Голод всегда был более или менее в моем локте, когда я играл, но теперь я начал просыпаться ночью, чтобы найти голода, стоящего у моей кровати, уставившись на меня.
Если человек что -то признался на своем смертном плане, это была правда; Ибо никто не мог смотреть на смерть в лицо и лгать.
Разве жизнь не в том, что это должно быть, в определенном смысле? Разве это не только наивное, кто находит все это сбивает с толку? Если вы поняли, что такое сердце человека, разве вы не сказали бы, что, может быть, все усилия человека на земле построить цивилизацию - это просто безумная и испуганная попытка человека спрятаться от себя?
Во мне формировало стремление для своего рода сознания, способ существования того, что образ жизни обо мне сказал, не должен быть, не должен быть и на котором был назначен наказание смерти. Где -то в мертвой южной ночи моя жизнь переключилась на ту дорогу, и без моего знания, локомотив моего сердца спешил по опасно крутому склону, направляясь к столкновению, не обращая внимания на предупреждающие красные огни, которые моргнули все о Я, сирены и эллс и крики, которые наполняли воздух.
О чем я мог мечтать, имела самую большую возможность сбыться? Я ничего не мог подумать. И, постепенно, именно так небывало, что мой разум начал жить, это постоянное чувство желания без того, чтобы быть ненавистным без причины.
Он жил и действовал предположением, что он один, и теперь он увидел, что не был.
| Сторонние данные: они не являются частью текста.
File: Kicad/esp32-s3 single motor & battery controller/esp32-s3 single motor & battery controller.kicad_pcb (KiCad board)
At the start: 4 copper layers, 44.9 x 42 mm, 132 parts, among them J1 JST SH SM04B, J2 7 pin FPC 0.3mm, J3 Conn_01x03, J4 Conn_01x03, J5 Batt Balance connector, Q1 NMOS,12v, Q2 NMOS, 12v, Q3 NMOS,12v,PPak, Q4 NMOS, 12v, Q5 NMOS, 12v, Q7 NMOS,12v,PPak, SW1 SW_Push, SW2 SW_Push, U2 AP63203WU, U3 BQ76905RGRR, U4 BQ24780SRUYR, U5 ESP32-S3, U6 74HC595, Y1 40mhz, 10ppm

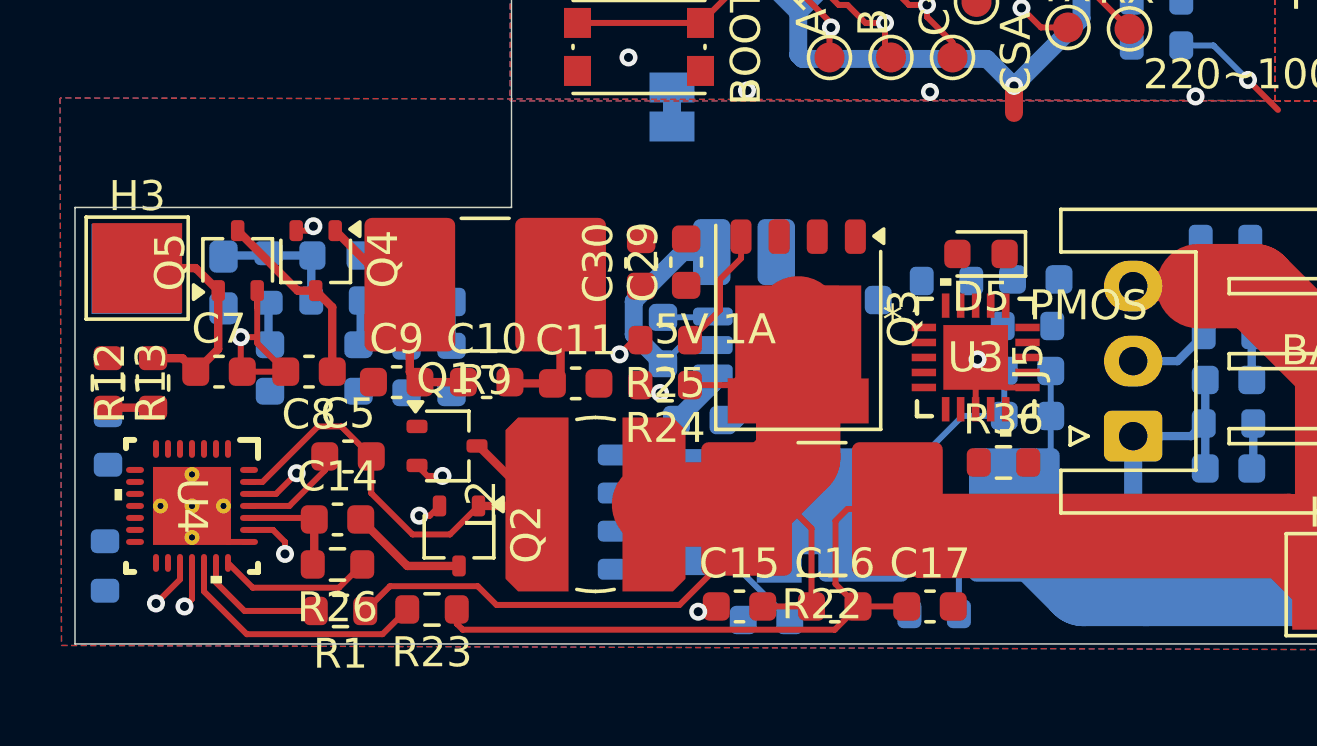
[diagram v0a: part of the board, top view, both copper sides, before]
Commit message: Almost complete charger section, working on balancer
I have a problem with the current sense lines on the balance charger. One loops around with filter capacitors, while the other zigs and zags back and forth on multiple layers! They have to cross each other, and this may lead to a lot of noise.
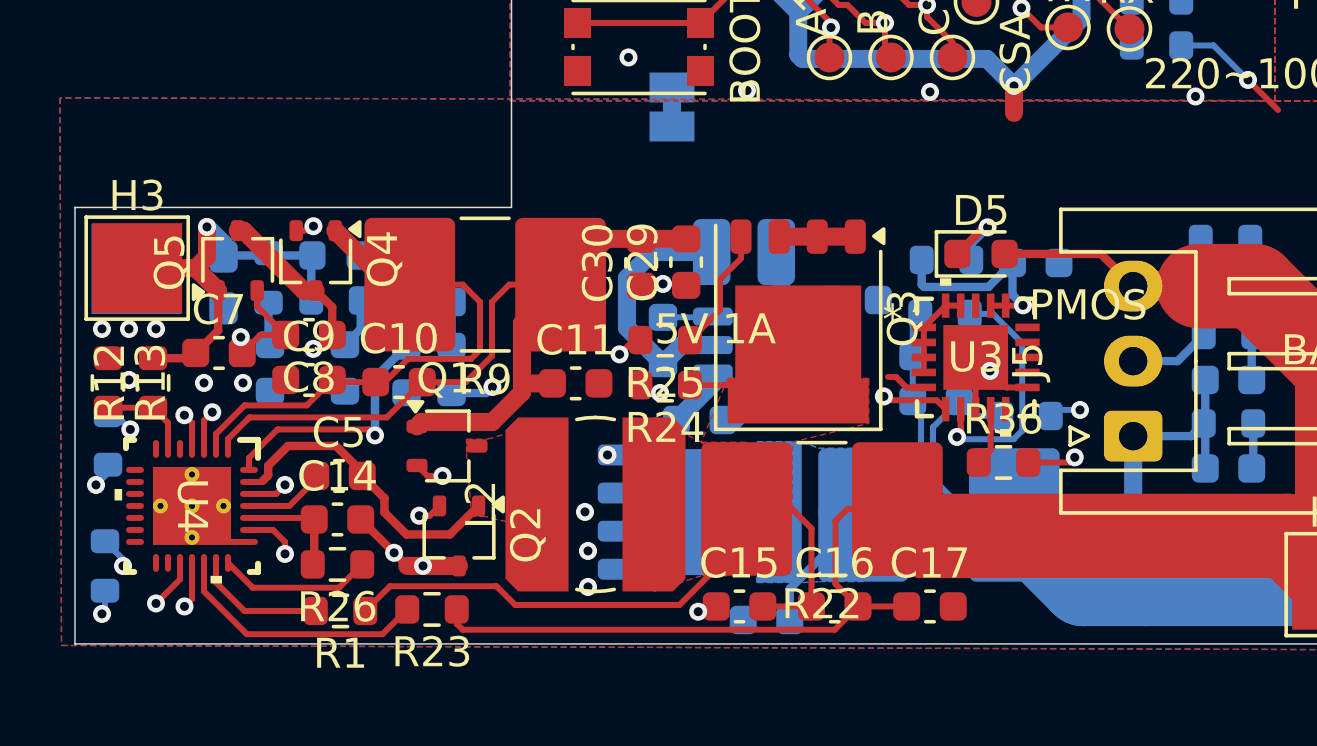
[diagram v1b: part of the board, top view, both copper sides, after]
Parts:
- C11: value 0.01uF -> 0.1uF
- moved R29 7.28 mm to (139.8, 124.4), turned to 180 degrees
- moved C32 3.09 mm to (136.8, 123.9)
- moved C33 3.09 mm to (136.8, 122.4)
- moved C9 2.92 mm to (115.9, 123.2)
- moved C10 2.92 mm to (118.9, 123.3)
- moved R30 2.78 mm to (137.1, 121.0)
- moved C8 1.22 mm to (115.9, 121.7)
- moved C5 0.72 mm to (116.9, 126.4)
- moved R31 0.70 mm to (137.2, 119.2)
- moved C7 0.62 mm to (112.9, 122.3)
- moved C35 0.55 mm to (140.1, 119.3)
- moved C31 0.45 mm to (117.1, 122.8)
- turned D5 to 0 degrees
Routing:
- net /PSU/BATT+: track 59.9 -> 88.8 mm, vias 0 -> 1
- net /MOTORPWR: track 13.5 -> 39.8 mm
- net Net-(Q7-G): track 0.00 -> 17.6 mm, vias 0 -> 2
- net Net-(Q4-S): track 6.36 -> 19.1 mm, vias 0 -> 2
- net Net-(Q3-S): track 36.6 -> 26.4 mm
- net Net-(U3-SRP): track 0.00 -> 10.1 mm, vias 0 -> 2
- net Net-(Q4-D): track 8.07 -> 17.9 mm
- net Net-(U4-CMSRC): track 0.00 -> 8.93 mm, vias 0 -> 2
- net Net-(U4-VCC): track 1.51 -> 9.99 mm, vias 0 -> 1
- net Net-(U3-SRN): track 0.00 -> 8.37 mm, vias 0 -> 1
- net Net-(U3-BAT): track 0.00 -> 6.85 mm, vias 0 -> 1
- net Net-(Q7-S): track 19.6 -> 13.2 mm
- net Net-(U4-ACDRV): track 0.00 -> 5.98 mm, vias 0 -> 2
- net Net-(Q1-S): track 15.8 -> 10.7 mm
- net Net-(Q4-G): track 11.6 -> 14.8 mm, vias 2 -> 3
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- added copper zone on F.Cu, net Net-(Q1-S)
- added copper zone on F.Cu, net Net-(Q3-S)
- added copper zone on B.Cu, net Net-(Q7-S)

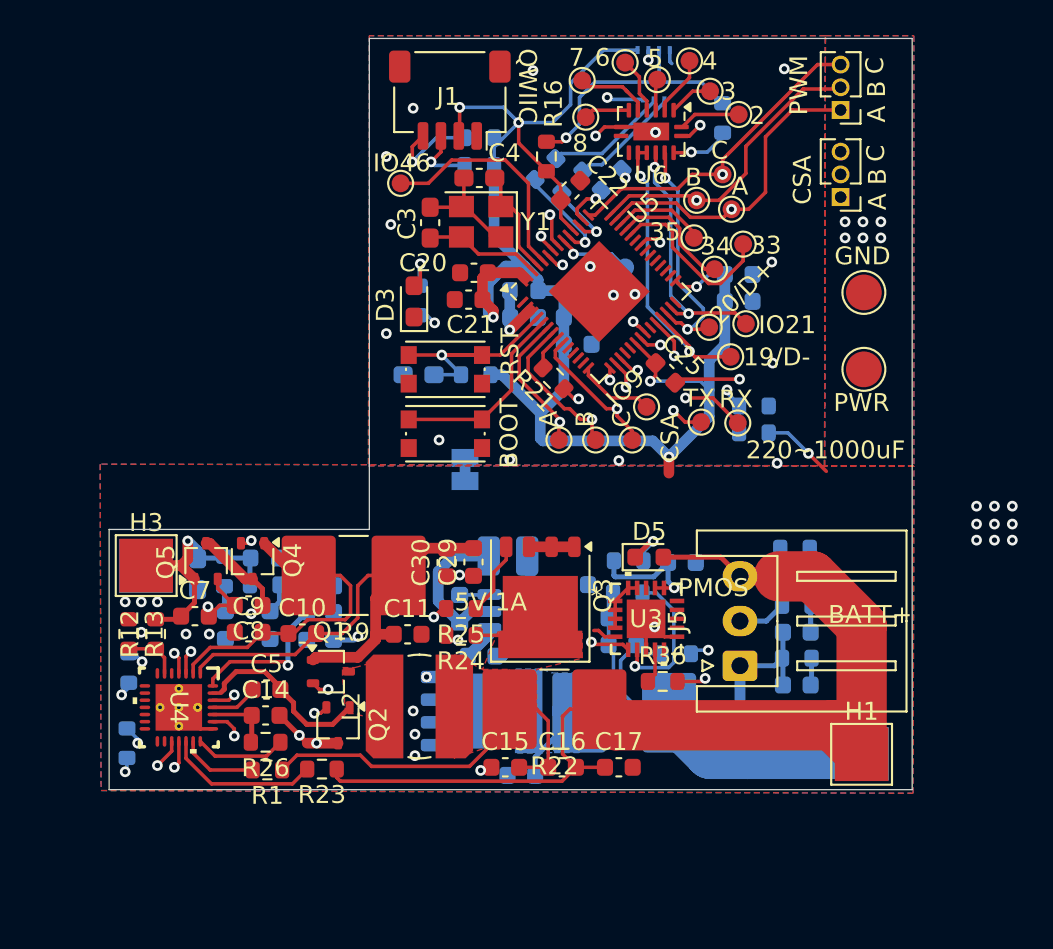
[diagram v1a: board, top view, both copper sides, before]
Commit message: Wiring complete except for i2c
This is the trickiest to wire.
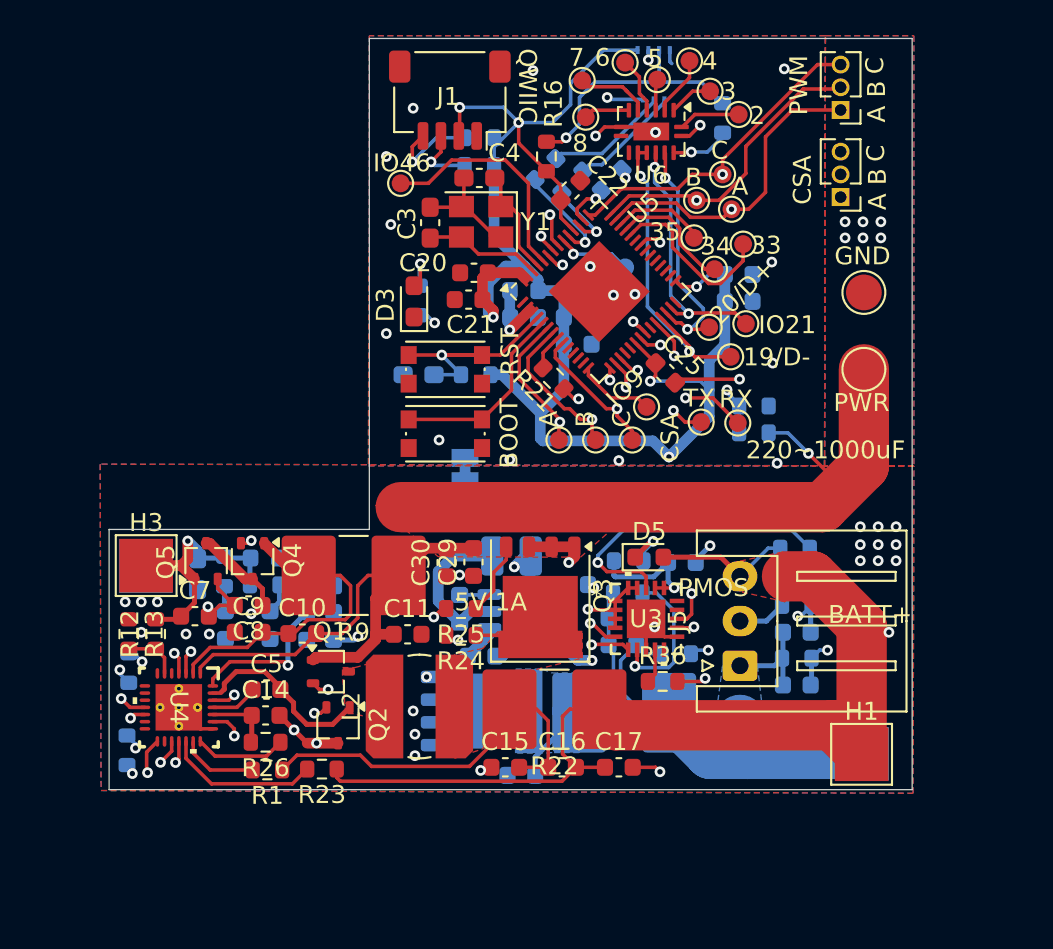
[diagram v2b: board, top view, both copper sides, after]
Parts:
- moved R7 0.40 mm to (109.1, 129.8)
- moved L3 0.20 mm to (130.6, 118.9)
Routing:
- net /PSU/Low: track 2.86 -> 49.1 mm, vias 0 -> 3
- net /MOTORPWR: track 39.8 -> 82.0 mm, vias 1 -> 3
- net /PSU/Up: track 1.52 -> 18.4 mm, vias 0 -> 1
- net /PSU/mid: track 6.91 -> 22.1 mm, vias 0 -> 2
- net VDD: track 103.1 -> 115.6 mm, vias 7 -> 8
- net GND: track 15.8 -> 24.2 mm, vias 20 -> 21
- net Net-(U4-BATDRV): track 24.6 -> 20.8 mm
- net /SDA1: track 21.8 -> 25.4 mm, vias 2 -> 4
- net /PSU/BATT-: track 31.6 -> 28.6 mm
- net GNDPWR: track 12.9 -> 15.8 mm, vias 29 -> 31
- net /PSU/BATT+: track 88.8 -> 90.9 mm, vias 1 -> 2
- net /SCL1: track 25.4 -> 27.2 mm, vias 2 -> 4
- added copper zone on F.Cu, net /MOTORPWR
- added copper zone on F.Cu, net /PSU/BATT+
- added copper zone on B.Cu, net /PSU/BATT-

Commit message: Finished routing
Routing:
- net /SCL1: track 27.2 -> 81.1 mm, vias 4 -> 5
- net /SDA1: track 25.4 -> 77.9 mm, vias 4 -> 5
- net VDD: track 115.6 -> 109.0 mm, vias 8 -> 7
- net Net-(Q4-S): track 18.8 -> 17.7 mm
- net /PSU/Low: track 49.1 -> 50.2 mm
- net Net-(U4-BATSRC): track 22.2 -> 23.1 mm
- net GND: track 24.2 -> 24.1 mm, vias 21 -> 20

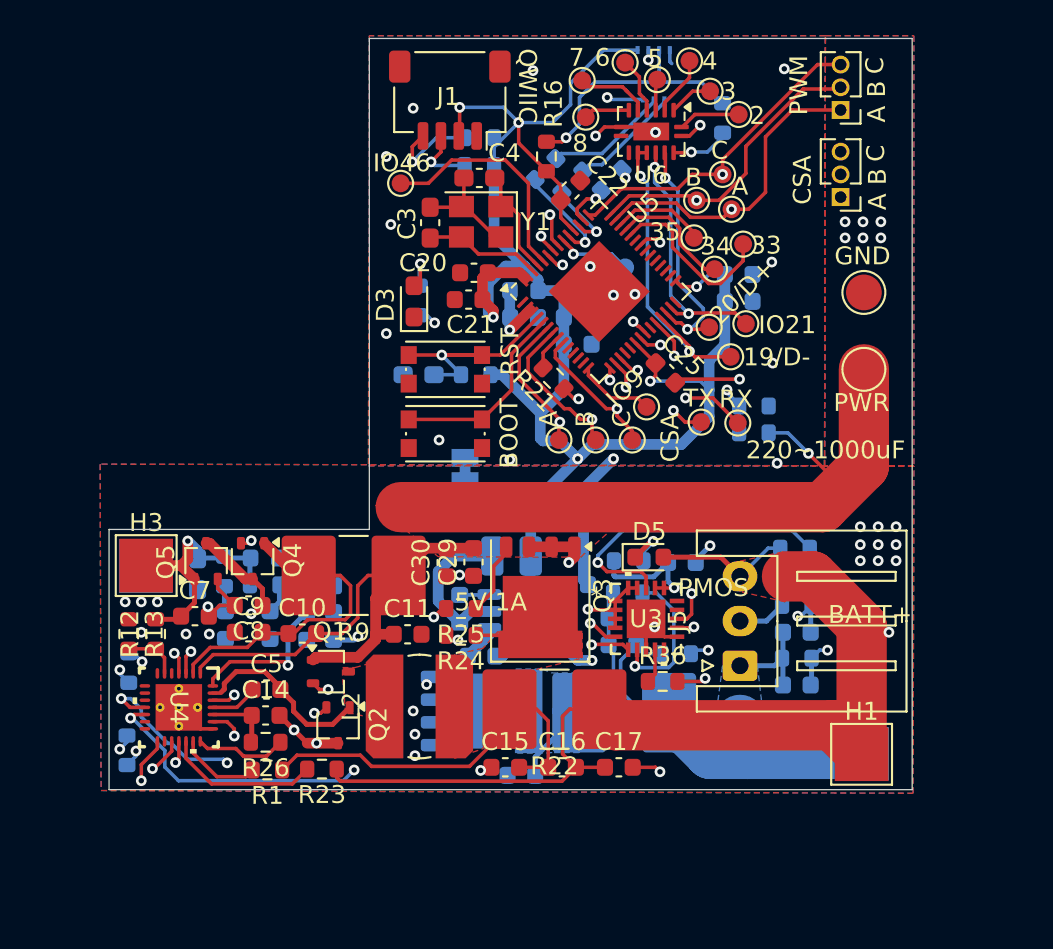
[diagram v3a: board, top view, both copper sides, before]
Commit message: Running DRC and fixing footprints
I had to fix the footprints of the driver chip and the shift register, because there were some undefined pads and the vias were too small.
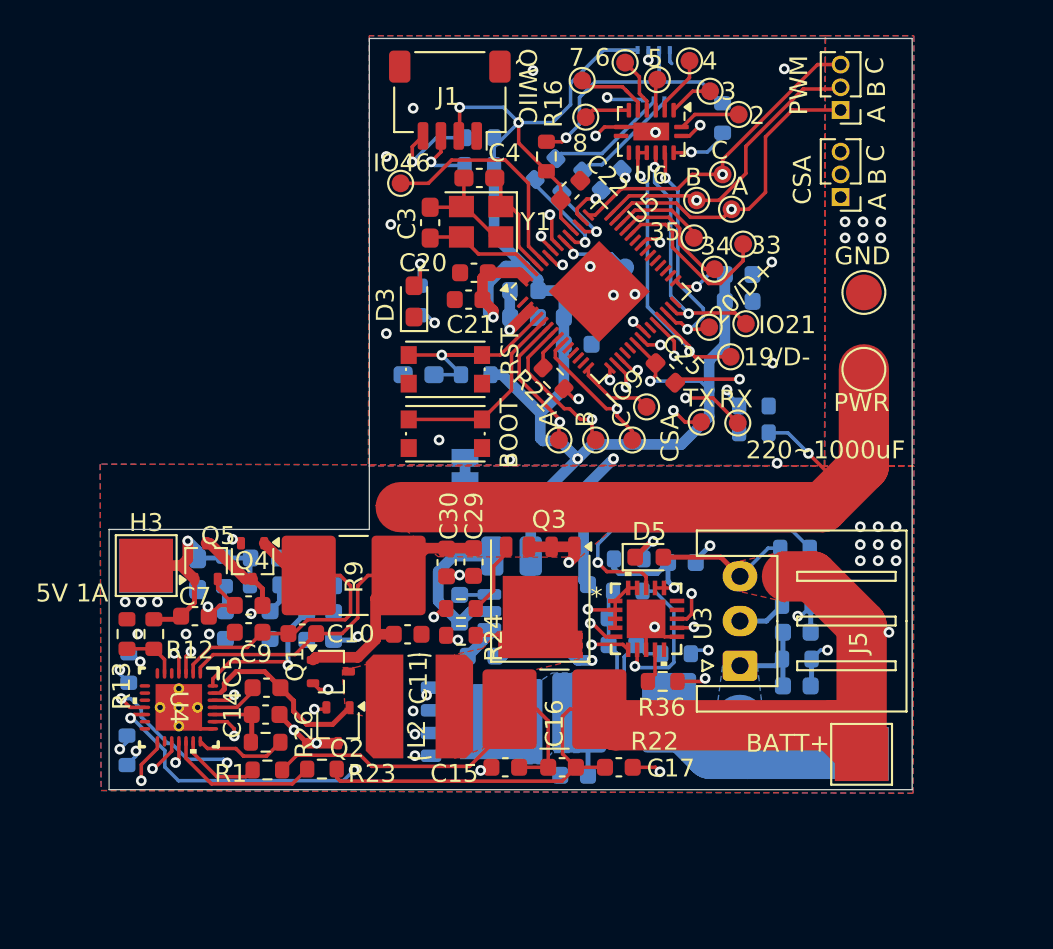
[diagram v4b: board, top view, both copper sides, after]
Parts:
- moved C38 2.95 mm to (134.1, 131.2)
- moved Q7 0.59 mm to (128.8, 128.2)
- moved C5 0.10 mm to (116.9, 126.3)
- moved R12 0.10 mm to (110.6, 123.3)
- moved R13 0.10 mm to (109.1, 123.3)
- moved R31 0.10 mm to (137.2, 119.1)
- moved R30 0.10 mm to (137.1, 120.9)
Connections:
- U6 pad 17: (no net) -> GND
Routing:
- net GND: track 24.1 -> 24.7 mm
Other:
- board text removed: "PMOS"

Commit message: Finished PCB with 2s battery charger
Silkscreen is all finished
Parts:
- added C41: 220uF, Capacitor_SMD:CP_Elec_6.3x9.9, F.Cu at (147.8, 111.3)
- moved H6 3.70 mm to (150.3, 104.8)
- moved H5 2.30 mm to (150.3, 101.9)
- moved C35 0.30 mm to (140.1, 119.0)
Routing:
- net GNDPWR: track 15.9 -> 23.3 mm
- net /MOTORPWR: track 82.0 -> 85.7 mm
- net VDD: track 109.0 -> 108.8 mm, vias 7 -> 6
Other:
- outline, holes or cut-outs redrawn
- board text added: "220uF"
- board text added: "⊕"
- board text added: "⊖"
- board text removed: "220~1000uF"
- board text removed: "5V 1A"
- board text removed: "GNDPWR"

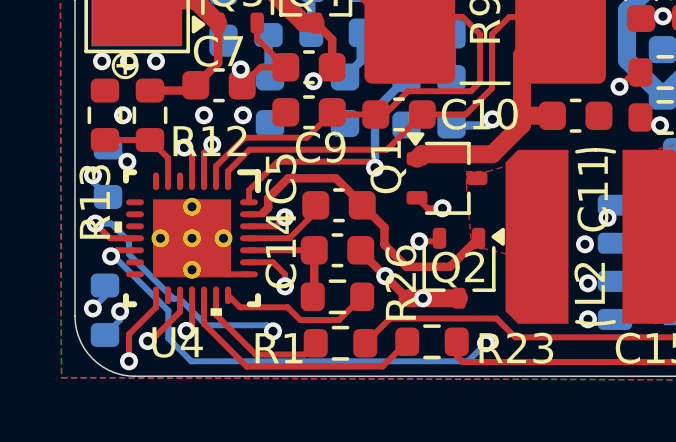
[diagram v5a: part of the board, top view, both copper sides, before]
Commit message: Removed battery voltage divider, fixed BATTPres indicator
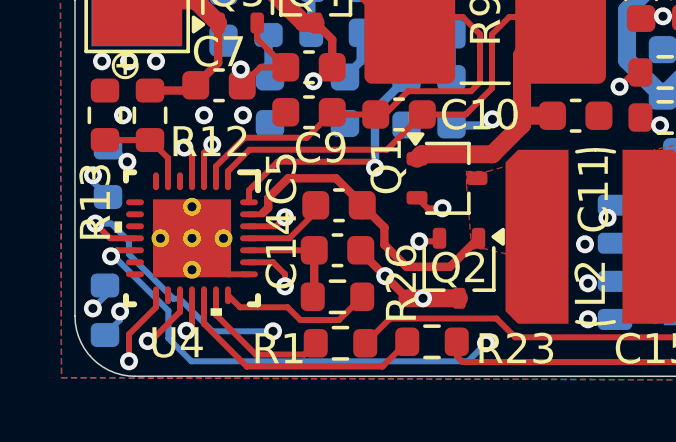
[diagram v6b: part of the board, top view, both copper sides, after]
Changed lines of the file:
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@@
 		(tags "test point SMD pad rectangle square")
 		(property "Reference" "H4"
-			(at -2.5 -1.25 270)
+			(at -2.5 -1.25 -90)
 			(layer "B.SilkS")
 			(hide yes)
@@
 	)
 	(segment
-		(start 109.9 127.5)
-		(end 109.309517 126.909517)
+		(start 111.591308 129.413769)
+		(end 111.379454 129.413769)
 		(width 0.2)
 		(layer "B.Cu")
@@
 	)
 	(segment
-		(start 111.379454 129.413769)
-		(end 109.9 127.934314)
+		(start 109.9 127.5)
+		(end 109.309517 126.909517)
 		(width 0.2)
 		(layer "B.Cu")
@@
 	(segment
 		(start 114.7 130.5)
-		(end 114.5 130.3)
+		(end 112.677539 130.5)
 		(width 0.2)
 		(layer "B.Cu")
@@
 	)
 	(segment
-		(start 112.477539 130.3)
+		(start 112.677539 130.5)
 		(end 111.591308 129.413769)
 		(width 0.2)
@@
 	)
 	(segment
-		(start 126.1 96.9)
-		(end 126.3 97.1)
-		(width 0.2)
-		(layer "B.Cu")
-		(net 21)
-	)
-	(segment
 		(start 109.309517 126.909517)
 		(end 108.778216 126.909517)
@@
 	)
 	(segment
-		(start 114.5 130.3)
-		(end 112.477539 130.3)
+		(start 126.1 96.9)
+		(end 126.3 97.1)
 		(width 0.2)
 		(layer "B.Cu")
@@
 	)
 	(segment
-		(start 111.591308 129.413769)
-		(end 111.379454 129.413769)
+		(start 111.379454 129.413769)
+		(end 109.9 127.934314)
 		(width 0.2)
 		(layer "B.Cu")

То, что он сделал, заставило других страдать. Независимо от того, насколько он долго бы он его забыл, они не смогут. Его семья была частью его, не только в крови, но и в духе.
Это было только через книги-в лучшем случае, не более чем заместительные культурные переливания-я смог сохранить себя негативно жизненно важным. Всякий раз, когда мое окружение не смогло поддержать или питать меня, я сжимал книги.
Я не знал, что я действительно жив в этом мире, пока не почувствовал, что все было достаточно тяжелым, чтобы убить их.
Это заставило меня любить разговор, которые искали ответы на вопросы, которые не могли помочь никому, что могло бы только поддерживать во мне, что увлекает чувство удивления и благоговения перед лицом драмы человеческого чувства, которая скрыта внешней драмой жизни.
Я слушал, смутно, зная, что теперь я совершил ужасное неправильное неправильное, что я не мог смягчить, что я произнес слова, которые я не мог вспомнить, хотя я болел, чтобы аннулировать их, убить их, повернуть время до того момента, прежде чем я так говорил что у меня мог бы быть еще один шанс спасти себя.
Мне было бы невозможно рассказать кому -то, что я получил от этих романов, потому что это было не что иное, как чувство самой жизни.
Чем близко автор думает о том, почему он писал, тем больше он приходит, чтобы рассматривать свое воображение как своего рода самогриментирующий цемент, который смещал его факты, и его эмоции как своего рода темный и неясный дизайнер этих фактов. Неохотно он приходит к выводу, что для учета его книги - это объяснить его жизнь.